Brasil gira em falso sobre uso de sanções

Publicado em 17/03/2010 08:51
O Brasil está longe do consenso na decisão final sobre a retaliação aos EUA por conta dos subsídios que o país paga a seus produtores de algodão. A desarmonia é mais evidente no que se refere à propriedade intelectual, quando o ineditismo da medida atravanca o caminho da promessa à prática.

Apesar da publicação das duas listas de alvos possíveis das sanções, a cacofonia de pedidos e resistências internas que marcou a elaboração de ambas volta a aparecer na discussão sobre sua aplicação.

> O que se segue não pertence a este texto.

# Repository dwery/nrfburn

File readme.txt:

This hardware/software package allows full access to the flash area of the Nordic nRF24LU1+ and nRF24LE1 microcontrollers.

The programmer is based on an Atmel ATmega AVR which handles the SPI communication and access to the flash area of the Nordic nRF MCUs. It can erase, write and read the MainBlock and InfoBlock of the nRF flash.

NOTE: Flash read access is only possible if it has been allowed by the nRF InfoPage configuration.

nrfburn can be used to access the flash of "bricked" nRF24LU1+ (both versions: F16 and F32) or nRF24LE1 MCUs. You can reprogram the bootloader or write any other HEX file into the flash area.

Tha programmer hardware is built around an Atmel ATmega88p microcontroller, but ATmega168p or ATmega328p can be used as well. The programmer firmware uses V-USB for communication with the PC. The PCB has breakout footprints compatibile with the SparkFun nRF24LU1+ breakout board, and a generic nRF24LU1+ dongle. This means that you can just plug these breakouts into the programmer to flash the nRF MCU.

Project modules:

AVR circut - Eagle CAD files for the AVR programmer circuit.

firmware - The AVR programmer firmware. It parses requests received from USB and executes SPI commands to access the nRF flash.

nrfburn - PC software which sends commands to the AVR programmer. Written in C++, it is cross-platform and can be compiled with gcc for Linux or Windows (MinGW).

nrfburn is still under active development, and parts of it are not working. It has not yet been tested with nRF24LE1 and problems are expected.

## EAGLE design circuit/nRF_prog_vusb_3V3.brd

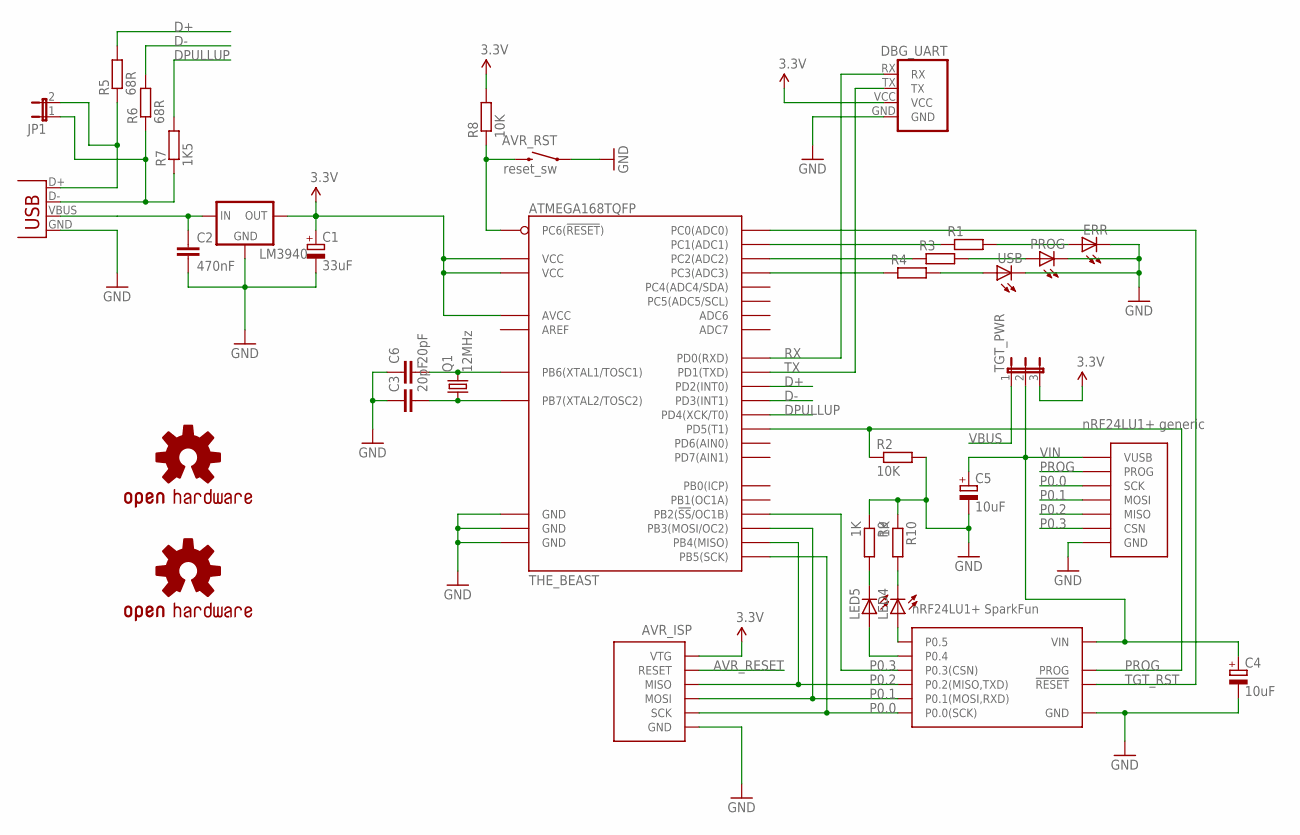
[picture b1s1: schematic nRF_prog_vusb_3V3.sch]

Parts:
AVR_ISP: AVR-ISP-6SMALL_FP; AVR-ISP-6-SMALL-FP
AVR_RST: reset_sw; TACTILE_SWITCH_SMD
C1: 33uF; SMC_B
C2: 470nF; C0805K
C3, C6: 20pF; C0805
C4, C5: 10uF; SMC_B
DBG_UART: UART_PORT
ERR: LEDCHIPLED_0805; CHIPLED_0805
JP1: JP1E; JP1
LED4, LED5: LEDCHIPLED_0805; CHIPLED_0805
LM3940: LM3940; SOT223
LU1+_GENERIC: NRF24LU1P_GENERIC
LU1+_SPARKFUN: NRF24LU1P_SPARKFUN_BREAKOUT; NRF24LU+_SPARKFUN_BREAKOUT
PROG: LEDCHIPLED_0805; CHIPLED_0805
Q1: 12MHz; QUARTZ
R1, R3, R4: R-EU_M0805; M0805
R2, R8: 10K; M0805
R5, R6: 68R; M0805
R7: 1K5; M0805
R9, R10: 1K; M0805
TGT_PWR: JP2E; JP2
THE_BEAST: ATMEGA168TQFP; TQFP32-08
U$1: OSHW-LOGOM; OSHW-LOGO-M
U$2: OSHW-LOGOL; OSHW-LOGO-L
USB: LEDCHIPLED_0805; CHIPLED_0805
USB-B: USBPTH; USB-B-PTH

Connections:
3.3V: AVR_ISP.VCC (VTG), C1.+, DBG_UART.VCC, LM3940.3 (OUT), R8.2, TGT_PWR.3, THE_BEAST.4 (VCC), THE_BEAST.6 (VCC), THE_BEAST.18 (AVCC)
AVR_RESET: AVR_ISP.RESET, AVR_RST.3 (2), R8.1, THE_BEAST.29 (PC6(!RESET!))
D+: R5.2, THE_BEAST.32 (PD2(INT0))
D-: R6.2, THE_BEAST.1 (PD3(INT1))
DPULLUP: R7.2, THE_BEAST.2 (PD4(XCK/T0))
GND: AVR_ISP.GND, AVR_RST.1, C1.-, C2.2, C3.1, C4.-, C5.-, C6.1, DBG_UART.GND, ERR.C, LM3940.2 (GND), LM3940.4 (GND), LU1+_GENERIC.GND, LU1+_SPARKFUN.GND, PROG.C, R2.2, R9.1, R10.1, THE_BEAST.3 (GND), THE_BEAST.5 (GND), THE_BEAST.21 (GND), USB.C, USB-B.GND
unnamed: LED4.A, LU1+_SPARKFUN.P0.5
unnamed: LED5.A, LU1+_SPARKFUN.P0.4
unnamed: LED4.C, R10.2
unnamed: LED5.C, R9.2
unnamed: R4.1, THE_BEAST.26 (PC3(ADC3))
unnamed: R3.1, THE_BEAST.25 (PC2(ADC2))
unnamed: R1.1, THE_BEAST.24 (PC1(ADC1))
unnamed: R4.2, USB.A
unnamed: PROG.A, R3.2
unnamed: ERR.A, R1.2
unnamed: C6.2, Q1.2, THE_BEAST.7 (PB6(XTAL1/TOSC1))
unnamed: C3.2, Q1.1, THE_BEAST.8 (PB7(XTAL2/TOSC2))
P0.0: AVR_ISP.SCK, LU1+_GENERIC.SCK, LU1+_SPARKFUN.P0.0 (P0.0(SCK)), THE_BEAST.17 (PB5(SCK))
P0.1: AVR_ISP.MOSI, LU1+_GENERIC.MOSI, LU1+_SPARKFUN.P0.1 (P0.1(MOSI,RXD)), THE_BEAST.15 (PB3(MOSI/OC2))
P0.2: AVR_ISP.MISO, LU1+_GENERIC.MISO, LU1+_SPARKFUN.P0.2 (P0.2(MISO,TXD)), THE_BEAST.16 (PB4(MISO))
P0.3: LU1+_GENERIC.CSN, LU1+_SPARKFUN.P0.3 (P0.3(CSN)), THE_BEAST.14 (PB2(!SS!/OC1B))
PROG: LU1+_GENERIC.PROG, LU1+_SPARKFUN.PROG, R2.1, THE_BEAST.9 (PD5(T1))
RX: DBG_UART.RX, THE_BEAST.30 (PD0(RXD))
TGT_RST: LU1+_SPARKFUN.RESET (!RESET!), THE_BEAST.23 (PC0(ADC0))
TX: DBG_UART.TX, THE_BEAST.31 (PD1(TXD))
USB_D+: JP1.2, R5.1, USB-B.D+
USB_D-: JP1.1, R6.1, R7.1, USB-B.D-
VBUS: C2.1, LM3940.1 (IN), TGT_PWR.1, USB-B.VBUS
VIN: C4.+, C5.+, LU1+_GENERIC.VUSB, LU1+_SPARKFUN.VIN, TGT_PWR.2

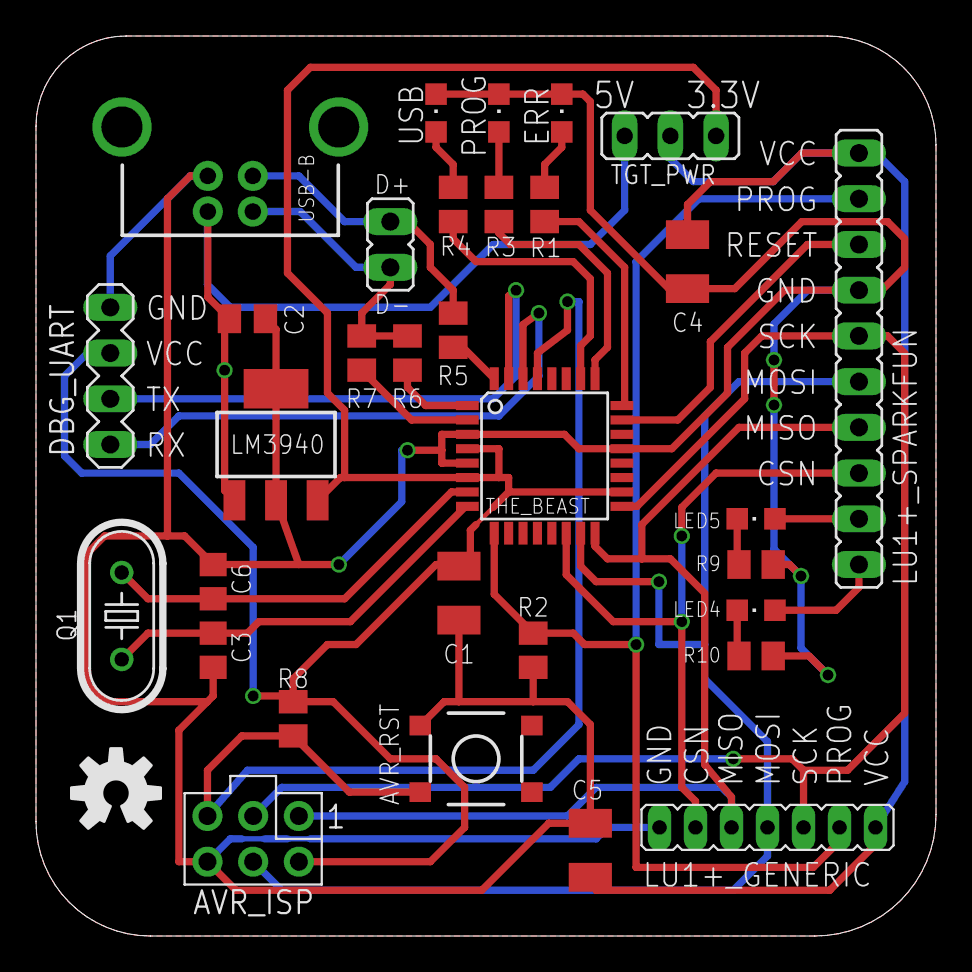
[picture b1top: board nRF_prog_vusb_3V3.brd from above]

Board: 2 copper layers, 50.0 x 50.0 mm, 34 parts (1 on the bottom side), 30 nets.

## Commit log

2013-12-23 added flash verification
2013-12-23 linux usb_dev_handle casts
2013-12-23 labels and messages fix
2013-12-29 New version works uses reset which hopefully fixes the problems with programming nRF24LU1+ It looks like it is necessary to reset the target before and/or after programming.
2014-01-20 read InfoPage now works correctly
2014-02-03 added testpins for USB
2014-02-08 Optimized USB programmer protocol. Now it does not send blocks full of of 0xff bytes hence saving bandwidth.
2014-02-08 Added precompiled LU1+ bootloader HEX files. Fixed writing to flash.
2014-02-09 USB Keyboard example enumerates
2014-02-15 add ignoreCheck parameter to VerifyMainBlock
2014-02-15 now empty packages are NAKed when there's nothing to send
2014-02-27 cleaned up some of the examples
2014-02-27 strcmpi -> strcasecmp
2014-03-04 added circuit schematic in PDF
2014-03-13 added BootloaderHID for the programmer
2014-03-14 small improvements in the bootloader
2014-03-16 added bootloader support for host program
2014-03-16 Cleaned up the LED references. USB configuration LED is now working.
2014-04-22 fixed bootloader
2014-10-20 fixed flash size warning
2015-01-26 start of support for using USBasp as a programmer
2015-02-10 static linking of C / C++ libraries for nrfburn.exe
2015-12-06 Migrating wiki contents from Google Code

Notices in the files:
parts and their libraries:
SparkFun: Licensing: CC v3.0 Share-Alike You are welcome to use this library for commercial purposes.

Há divergências entre o Itamaraty e o Ministério do Desenvolvimento, Indústria e Comércio Exterior sobre como aplicar as sanções, se de fato elas devem ser a plena força e sobre como dividir custos e benefícios da decisão -tanto os políticos como os econômicos.

Crescem também as dissonâncias entre setores envolvidos na retaliação, sobretudo os agrícolas e o farmacêutico.

Ao quadro se soma a percepção, do lado brasileiro, de que os EUA tentam minar a discussão por dentro, fazendo ofertas de vantagens e/ou pressões pontuais por setor, na expectativa de que eles passem a pressionar contra as sanções .

Após sete anos, a Organização Mundial do Comércio deu ao Brasil em setembro o direito de aplicar sanções contra os EUA em duas frentes. A primeira é a dos bens. A segunda, inédita, é a retaliação cruzada, que permite medidas em outro setor que não o que originou a disputa. O país escolheu o mais sensível deles para os americanos: propriedade intelectual.

O problema é que nem o Brasil nem seu antagonista sabem como lidar com essa nova carta. Os EUA, por ora, pagam para ver se é blefe. E o Brasil, mesmo tendo um trunfo, pode acabar o jogo com o morto na mão.

Existe consenso razoável de que a retaliação em bens, calculada em US$ 591 milhões para os próximos 12 meses, será efetivada. A dúvida paira sobre a retaliação cruzada, que soma US$ 238 milhões.

Aí, à primeira vista, os focos são direitos de autor sobre produtos audiovisuais (filmes, essencialmente) e em patentes de medicamentos. Ambos deixariam de ser pagos no período de aplicação das sanções.

Mas se há um ponto de convergência entre os brasileiros é que os americanos só ouvem a palavra "genéricos". A ameaça à bilheteria de produções hollywoodianas não recebeu mais do que muxoxos dos EUA e o eco de que querem negociar. Na frente interna, foi vista como impopular (o país afinal abraçou a bandeira do combate à pirataria) e pouco eficaz.

Já o foco nas farmacêuticas, o trunfo, esbarra no custo. As sanções são por período limitado, e quebrar a patente de um genérico para produzi-lo no país por um ou dois anos somente não seduz a indústria.

A saída seria a importação de um determinado medicamento genérico de outro país que já quebrou a patente -a Índia, por exemplo. Ainda assim, discute-se se inserir um terceiro governo na história não abriria um flanco para questionamentos dos EUA na própria OMC.

Do lado brasileiro, há quem ache que a mera possibilidade é suficiente para pressionar os americanos. Há quem acredite, contudo, que Washington só levará Brasília a sério se a ameaça virar fato. E há ainda os que apostam que o governo Obama preferirá pagar a conta, para não empenhar seu caro capital político ao mexer com um programa de subsídios -e um lobby agrícola- enraizado no Congresso norte-americano.